In the entries below, find the line with "### 1. High-Speed" and print exactly every line from there up to and including the line with "The LattePanda Mu module exposes", with no other lines.

>>>

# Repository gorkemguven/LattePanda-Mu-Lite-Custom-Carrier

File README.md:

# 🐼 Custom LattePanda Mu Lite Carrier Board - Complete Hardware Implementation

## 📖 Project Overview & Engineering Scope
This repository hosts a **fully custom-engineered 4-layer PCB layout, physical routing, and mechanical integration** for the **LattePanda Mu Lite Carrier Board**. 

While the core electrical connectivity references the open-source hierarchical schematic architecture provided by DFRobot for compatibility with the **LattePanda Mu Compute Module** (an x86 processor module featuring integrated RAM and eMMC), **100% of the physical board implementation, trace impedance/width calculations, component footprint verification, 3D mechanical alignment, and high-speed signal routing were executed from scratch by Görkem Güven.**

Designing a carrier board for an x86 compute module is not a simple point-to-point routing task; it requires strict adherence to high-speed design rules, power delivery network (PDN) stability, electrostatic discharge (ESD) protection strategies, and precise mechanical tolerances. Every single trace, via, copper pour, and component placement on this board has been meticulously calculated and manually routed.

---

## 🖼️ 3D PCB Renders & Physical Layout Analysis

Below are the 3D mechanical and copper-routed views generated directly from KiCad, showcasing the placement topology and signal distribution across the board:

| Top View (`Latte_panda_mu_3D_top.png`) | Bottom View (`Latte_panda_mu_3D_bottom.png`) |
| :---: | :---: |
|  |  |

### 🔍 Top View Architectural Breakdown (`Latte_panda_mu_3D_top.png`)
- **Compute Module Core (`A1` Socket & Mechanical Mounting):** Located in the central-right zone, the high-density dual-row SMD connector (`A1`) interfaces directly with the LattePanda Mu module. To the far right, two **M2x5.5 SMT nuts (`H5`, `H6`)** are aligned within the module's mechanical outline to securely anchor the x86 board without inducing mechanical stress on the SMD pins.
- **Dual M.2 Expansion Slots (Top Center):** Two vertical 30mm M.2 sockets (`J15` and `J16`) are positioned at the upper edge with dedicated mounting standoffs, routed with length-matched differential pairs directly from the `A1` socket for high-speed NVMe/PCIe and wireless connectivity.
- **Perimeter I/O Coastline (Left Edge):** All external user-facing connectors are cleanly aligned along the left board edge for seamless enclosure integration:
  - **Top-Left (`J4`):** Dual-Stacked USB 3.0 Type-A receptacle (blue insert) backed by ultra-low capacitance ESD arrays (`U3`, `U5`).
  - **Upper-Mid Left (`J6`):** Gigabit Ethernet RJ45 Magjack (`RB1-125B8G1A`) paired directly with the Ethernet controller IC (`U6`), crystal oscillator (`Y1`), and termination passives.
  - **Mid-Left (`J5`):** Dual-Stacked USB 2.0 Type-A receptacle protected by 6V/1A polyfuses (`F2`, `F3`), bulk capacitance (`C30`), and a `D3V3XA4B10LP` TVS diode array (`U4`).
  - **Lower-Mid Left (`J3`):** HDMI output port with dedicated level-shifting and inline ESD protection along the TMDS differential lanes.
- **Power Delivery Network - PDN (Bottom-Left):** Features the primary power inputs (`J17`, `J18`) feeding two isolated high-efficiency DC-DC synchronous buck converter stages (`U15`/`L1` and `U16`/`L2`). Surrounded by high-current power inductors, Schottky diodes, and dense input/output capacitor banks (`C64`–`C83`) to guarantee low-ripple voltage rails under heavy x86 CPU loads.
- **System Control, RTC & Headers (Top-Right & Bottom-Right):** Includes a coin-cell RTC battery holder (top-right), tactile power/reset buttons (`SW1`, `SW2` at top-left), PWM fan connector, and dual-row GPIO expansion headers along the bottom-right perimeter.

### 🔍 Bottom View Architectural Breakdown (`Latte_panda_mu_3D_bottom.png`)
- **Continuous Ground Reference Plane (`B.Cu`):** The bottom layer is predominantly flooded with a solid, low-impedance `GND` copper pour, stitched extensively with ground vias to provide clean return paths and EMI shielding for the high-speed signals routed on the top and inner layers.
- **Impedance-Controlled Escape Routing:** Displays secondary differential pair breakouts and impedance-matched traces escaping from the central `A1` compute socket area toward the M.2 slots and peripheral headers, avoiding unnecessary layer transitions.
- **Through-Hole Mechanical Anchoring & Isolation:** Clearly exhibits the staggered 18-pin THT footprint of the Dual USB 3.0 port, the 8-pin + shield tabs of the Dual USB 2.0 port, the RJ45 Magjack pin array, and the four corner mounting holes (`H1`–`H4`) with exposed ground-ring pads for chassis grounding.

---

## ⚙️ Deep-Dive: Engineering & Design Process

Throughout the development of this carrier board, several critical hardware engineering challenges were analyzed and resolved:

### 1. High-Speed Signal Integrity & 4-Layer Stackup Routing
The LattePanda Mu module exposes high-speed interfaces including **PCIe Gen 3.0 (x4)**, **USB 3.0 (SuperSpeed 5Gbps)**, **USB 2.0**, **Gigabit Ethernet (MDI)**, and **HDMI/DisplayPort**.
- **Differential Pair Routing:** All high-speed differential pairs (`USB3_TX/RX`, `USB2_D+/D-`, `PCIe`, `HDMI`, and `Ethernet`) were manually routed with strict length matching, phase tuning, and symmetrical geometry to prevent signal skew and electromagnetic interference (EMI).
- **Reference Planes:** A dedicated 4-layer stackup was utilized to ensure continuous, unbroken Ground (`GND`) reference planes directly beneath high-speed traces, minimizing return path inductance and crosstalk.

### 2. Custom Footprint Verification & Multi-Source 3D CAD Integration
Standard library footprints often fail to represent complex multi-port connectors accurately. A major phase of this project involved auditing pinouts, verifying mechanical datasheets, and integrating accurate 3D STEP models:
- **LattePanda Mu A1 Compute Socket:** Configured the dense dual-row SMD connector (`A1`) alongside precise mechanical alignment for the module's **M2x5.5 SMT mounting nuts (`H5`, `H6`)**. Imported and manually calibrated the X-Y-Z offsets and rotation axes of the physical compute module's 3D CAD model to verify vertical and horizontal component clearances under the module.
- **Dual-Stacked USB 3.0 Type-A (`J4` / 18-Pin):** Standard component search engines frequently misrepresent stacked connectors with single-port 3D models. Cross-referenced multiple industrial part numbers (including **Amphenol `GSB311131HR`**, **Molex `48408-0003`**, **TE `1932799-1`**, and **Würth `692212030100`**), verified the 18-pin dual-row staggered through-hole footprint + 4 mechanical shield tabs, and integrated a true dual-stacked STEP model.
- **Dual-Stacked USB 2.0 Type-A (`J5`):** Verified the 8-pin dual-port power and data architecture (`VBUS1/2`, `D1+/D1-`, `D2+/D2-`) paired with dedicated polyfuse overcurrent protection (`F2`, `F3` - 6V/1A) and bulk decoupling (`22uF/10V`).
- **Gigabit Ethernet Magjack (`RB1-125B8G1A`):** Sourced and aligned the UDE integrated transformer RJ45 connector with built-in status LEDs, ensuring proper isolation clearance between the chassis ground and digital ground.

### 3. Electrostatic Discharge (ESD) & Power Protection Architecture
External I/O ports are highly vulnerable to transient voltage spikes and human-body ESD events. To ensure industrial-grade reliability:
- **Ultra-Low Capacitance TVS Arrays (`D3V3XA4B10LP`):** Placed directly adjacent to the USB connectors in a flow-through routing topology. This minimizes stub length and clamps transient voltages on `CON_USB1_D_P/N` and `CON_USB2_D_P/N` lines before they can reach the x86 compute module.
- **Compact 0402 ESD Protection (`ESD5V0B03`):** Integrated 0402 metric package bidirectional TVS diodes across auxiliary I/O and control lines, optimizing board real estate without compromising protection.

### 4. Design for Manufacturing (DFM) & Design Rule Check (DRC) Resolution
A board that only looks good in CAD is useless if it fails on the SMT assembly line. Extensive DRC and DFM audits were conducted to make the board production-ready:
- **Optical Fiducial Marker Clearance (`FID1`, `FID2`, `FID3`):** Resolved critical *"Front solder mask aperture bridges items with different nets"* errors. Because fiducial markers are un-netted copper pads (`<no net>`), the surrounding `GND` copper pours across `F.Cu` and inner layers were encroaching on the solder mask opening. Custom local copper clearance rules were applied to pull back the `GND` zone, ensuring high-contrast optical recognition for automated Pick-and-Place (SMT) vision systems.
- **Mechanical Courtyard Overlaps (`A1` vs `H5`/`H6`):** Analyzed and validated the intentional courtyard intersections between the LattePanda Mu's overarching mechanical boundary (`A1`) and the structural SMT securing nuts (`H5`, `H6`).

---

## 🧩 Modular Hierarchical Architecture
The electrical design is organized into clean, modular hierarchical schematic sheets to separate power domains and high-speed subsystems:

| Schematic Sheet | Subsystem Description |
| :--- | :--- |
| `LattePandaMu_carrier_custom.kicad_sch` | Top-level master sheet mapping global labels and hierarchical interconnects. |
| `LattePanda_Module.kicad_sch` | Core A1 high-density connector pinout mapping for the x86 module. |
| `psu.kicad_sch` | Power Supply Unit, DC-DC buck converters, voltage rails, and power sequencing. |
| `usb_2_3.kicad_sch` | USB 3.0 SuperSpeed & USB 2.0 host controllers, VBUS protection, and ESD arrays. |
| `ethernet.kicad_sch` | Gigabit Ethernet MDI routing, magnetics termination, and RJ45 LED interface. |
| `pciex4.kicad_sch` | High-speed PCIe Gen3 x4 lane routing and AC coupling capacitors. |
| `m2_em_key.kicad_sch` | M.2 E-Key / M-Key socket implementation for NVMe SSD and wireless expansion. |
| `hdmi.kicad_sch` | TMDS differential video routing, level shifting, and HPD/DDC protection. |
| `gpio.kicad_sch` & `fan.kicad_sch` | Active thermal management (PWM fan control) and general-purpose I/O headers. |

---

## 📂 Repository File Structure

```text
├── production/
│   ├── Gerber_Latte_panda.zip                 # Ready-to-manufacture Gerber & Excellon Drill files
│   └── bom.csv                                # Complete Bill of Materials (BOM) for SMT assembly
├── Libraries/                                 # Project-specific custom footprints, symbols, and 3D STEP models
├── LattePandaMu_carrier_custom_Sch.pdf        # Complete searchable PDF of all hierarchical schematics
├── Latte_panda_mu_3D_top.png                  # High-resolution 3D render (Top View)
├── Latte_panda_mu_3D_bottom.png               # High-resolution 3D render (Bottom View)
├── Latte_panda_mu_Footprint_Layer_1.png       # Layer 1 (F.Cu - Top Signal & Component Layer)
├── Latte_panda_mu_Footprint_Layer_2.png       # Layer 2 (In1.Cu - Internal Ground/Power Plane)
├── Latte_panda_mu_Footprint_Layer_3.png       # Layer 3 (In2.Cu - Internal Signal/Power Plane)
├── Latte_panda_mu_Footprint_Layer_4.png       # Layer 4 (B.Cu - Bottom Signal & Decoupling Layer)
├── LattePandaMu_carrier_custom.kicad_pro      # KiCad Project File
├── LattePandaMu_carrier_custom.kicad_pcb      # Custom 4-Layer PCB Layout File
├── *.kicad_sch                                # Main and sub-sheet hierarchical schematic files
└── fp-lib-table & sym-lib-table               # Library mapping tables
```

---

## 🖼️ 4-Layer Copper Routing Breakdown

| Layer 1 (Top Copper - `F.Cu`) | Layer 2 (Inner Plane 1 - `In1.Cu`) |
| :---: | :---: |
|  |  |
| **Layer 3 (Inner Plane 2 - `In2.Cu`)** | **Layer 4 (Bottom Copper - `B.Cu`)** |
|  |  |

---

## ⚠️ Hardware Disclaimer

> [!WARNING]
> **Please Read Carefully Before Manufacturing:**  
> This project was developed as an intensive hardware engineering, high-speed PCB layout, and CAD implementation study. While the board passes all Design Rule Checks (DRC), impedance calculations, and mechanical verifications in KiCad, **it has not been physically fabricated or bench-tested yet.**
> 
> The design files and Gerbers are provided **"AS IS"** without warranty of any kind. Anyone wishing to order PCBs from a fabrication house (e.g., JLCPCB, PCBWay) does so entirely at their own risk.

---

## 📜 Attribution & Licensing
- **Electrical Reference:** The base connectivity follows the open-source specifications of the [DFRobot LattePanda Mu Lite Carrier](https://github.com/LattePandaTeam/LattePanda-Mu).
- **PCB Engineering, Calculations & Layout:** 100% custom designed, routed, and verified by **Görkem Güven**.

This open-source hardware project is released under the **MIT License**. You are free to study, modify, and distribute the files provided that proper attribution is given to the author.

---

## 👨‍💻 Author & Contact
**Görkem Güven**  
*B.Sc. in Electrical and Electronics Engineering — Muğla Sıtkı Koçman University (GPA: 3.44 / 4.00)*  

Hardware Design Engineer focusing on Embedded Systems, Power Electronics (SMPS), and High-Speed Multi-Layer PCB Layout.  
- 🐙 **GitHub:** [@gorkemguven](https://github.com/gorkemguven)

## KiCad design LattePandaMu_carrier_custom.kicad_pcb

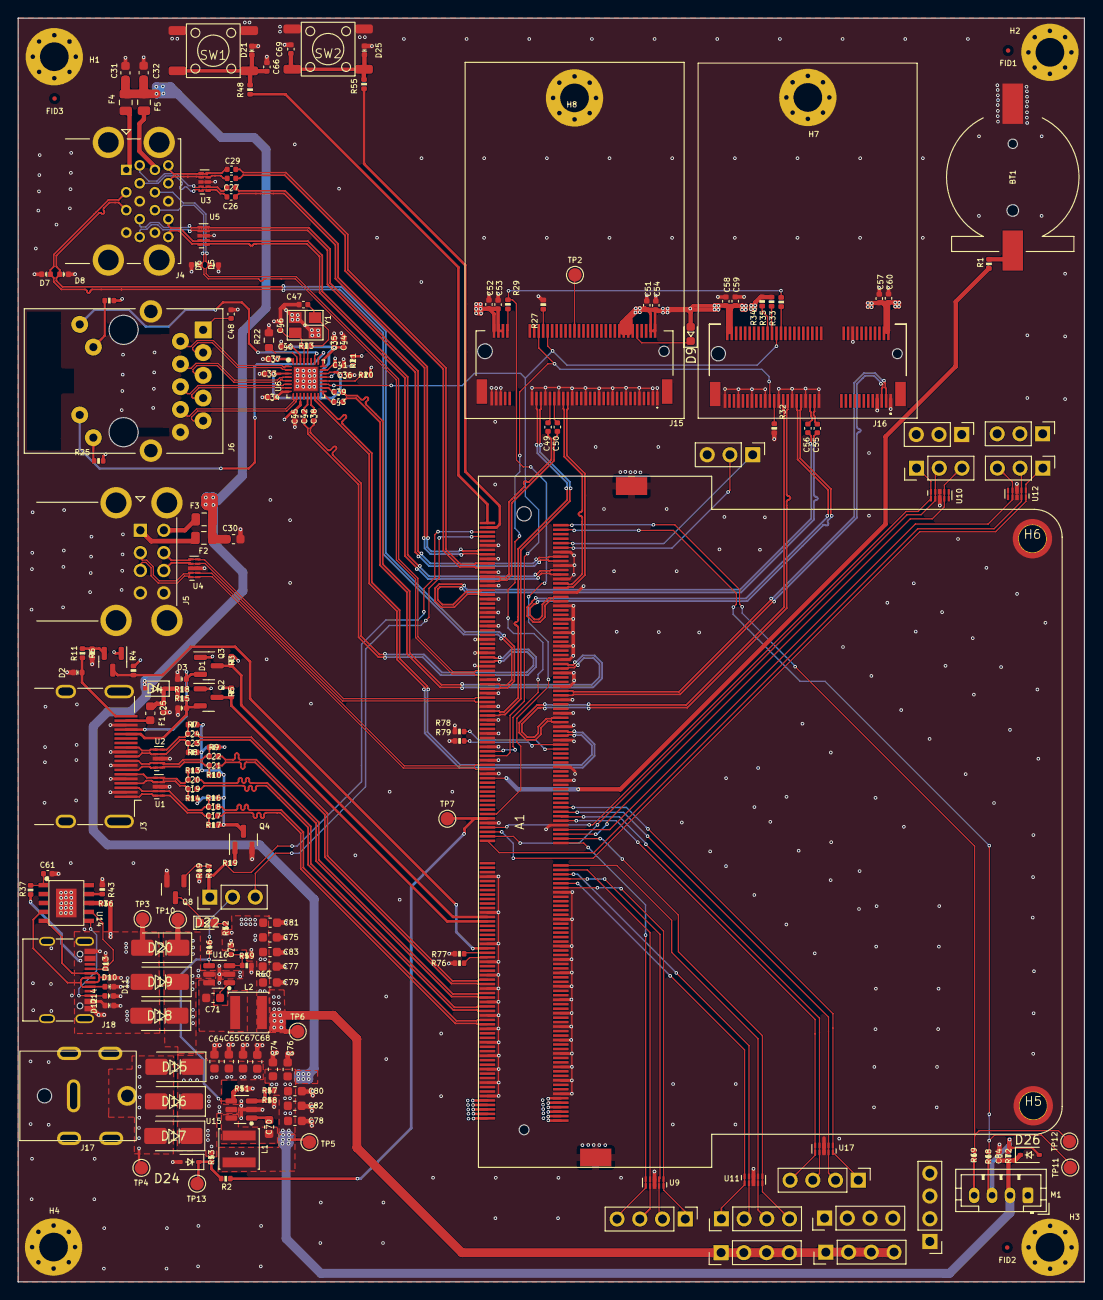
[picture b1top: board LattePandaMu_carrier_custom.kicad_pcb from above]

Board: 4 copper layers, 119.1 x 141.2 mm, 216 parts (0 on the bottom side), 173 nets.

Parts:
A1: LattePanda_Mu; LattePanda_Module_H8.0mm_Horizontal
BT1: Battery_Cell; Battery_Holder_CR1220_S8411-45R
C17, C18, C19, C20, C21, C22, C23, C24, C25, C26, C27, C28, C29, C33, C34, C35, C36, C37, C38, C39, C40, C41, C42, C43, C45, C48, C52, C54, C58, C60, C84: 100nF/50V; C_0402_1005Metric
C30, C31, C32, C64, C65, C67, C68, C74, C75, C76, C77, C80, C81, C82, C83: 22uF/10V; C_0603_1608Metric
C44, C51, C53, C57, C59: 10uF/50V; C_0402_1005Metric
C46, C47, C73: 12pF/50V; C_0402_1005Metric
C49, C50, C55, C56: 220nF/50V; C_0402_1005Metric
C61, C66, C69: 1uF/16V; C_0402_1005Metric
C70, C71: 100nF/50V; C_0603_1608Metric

<<<

#### SOLUTION:
### 1. High-Speed Signal Integrity & 4-Layer Stackup Routing
The LattePanda Mu module exposes high-speed interfaces including **PCIe Gen 3.0 (x4)**, **USB 3.0 (SuperSpeed 5Gbps)**, **USB 2.0**, **Gigabit Ethernet (MDI)**, and **HDMI/DisplayPort**.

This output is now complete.